(Items from a data source)
======

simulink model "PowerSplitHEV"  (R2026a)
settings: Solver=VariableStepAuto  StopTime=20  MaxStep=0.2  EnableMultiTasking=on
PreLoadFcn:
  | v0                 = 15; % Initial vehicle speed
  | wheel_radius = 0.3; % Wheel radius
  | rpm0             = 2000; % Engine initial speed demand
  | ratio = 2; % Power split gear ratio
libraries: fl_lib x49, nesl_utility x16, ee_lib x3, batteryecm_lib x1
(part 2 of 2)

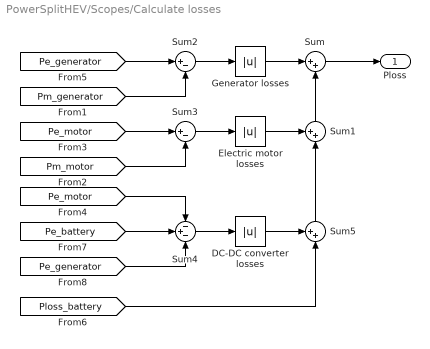
== system PowerSplitHEV/Scopes/Calculate losses ==
  " Electric motor losses" : Abs
  DC-DC converter losses : Abs
  Generator losses : Abs
  Sum : Sum  Inputs=|++
  Sum1 : Sum  Inputs=++|
  Sum2 : Sum  Inputs=|+-
  Sum3 : Sum  Inputs=|+-
  Sum4 : Sum  Inputs=-+-
  Sum5 : Sum  Inputs=++|
  Ploss : Outport  VectorParamsAs1DForOutWhenUnconnected=off
  wires:
  Sum1/1 -> Sum/2
  Sum/1 -> Ploss/1
  [Pe_generator] -> Sum2/1
  [Pm_generator] -> Sum2/2
  Sum2/1 -> Generator losses/1
  Generator losses/1 -> Sum/1
  [Pe_motor] -> Sum3/1
  [Pm_motor] -> Sum3/2
  Sum3/1 -> " Electric motor losses"/1
  Sum4/1 -> DC-DC converter losses/1
  Sum5/1 -> Sum1/2
  [Pe_battery] -> Sum4/2
  [Pe_motor] -> Sum4/1
  [Pe_generator] -> Sum4/3
  " Electric motor losses"/1 -> Sum1/1
  DC-DC converter losses/1 -> Sum5/1
  [Ploss_battery] -> Sum5/2

======

Starting at the first line of the records above, set down each line exactly through the one that holds "system PowerSplitHEV/Scopes/Calculate losses". Omit pictures.

simulink model "PowerSplitHEV"  (R2026a)
settings: Solver=VariableStepAuto  StopTime=20  MaxStep=0.2  EnableMultiTasking=on
PreLoadFcn:
  | v0                 = 15; % Initial vehicle speed
  | wheel_radius = 0.3; % Wheel radius
  | rpm0             = 2000; % Engine initial speed demand
  | ratio = 2; % Power split gear ratio
libraries: fl_lib x49, nesl_utility x16, ee_lib x3, batteryecm_lib x1
(part 2 of 2)

== system PowerSplitHEV/Scopes/Calculate losses ==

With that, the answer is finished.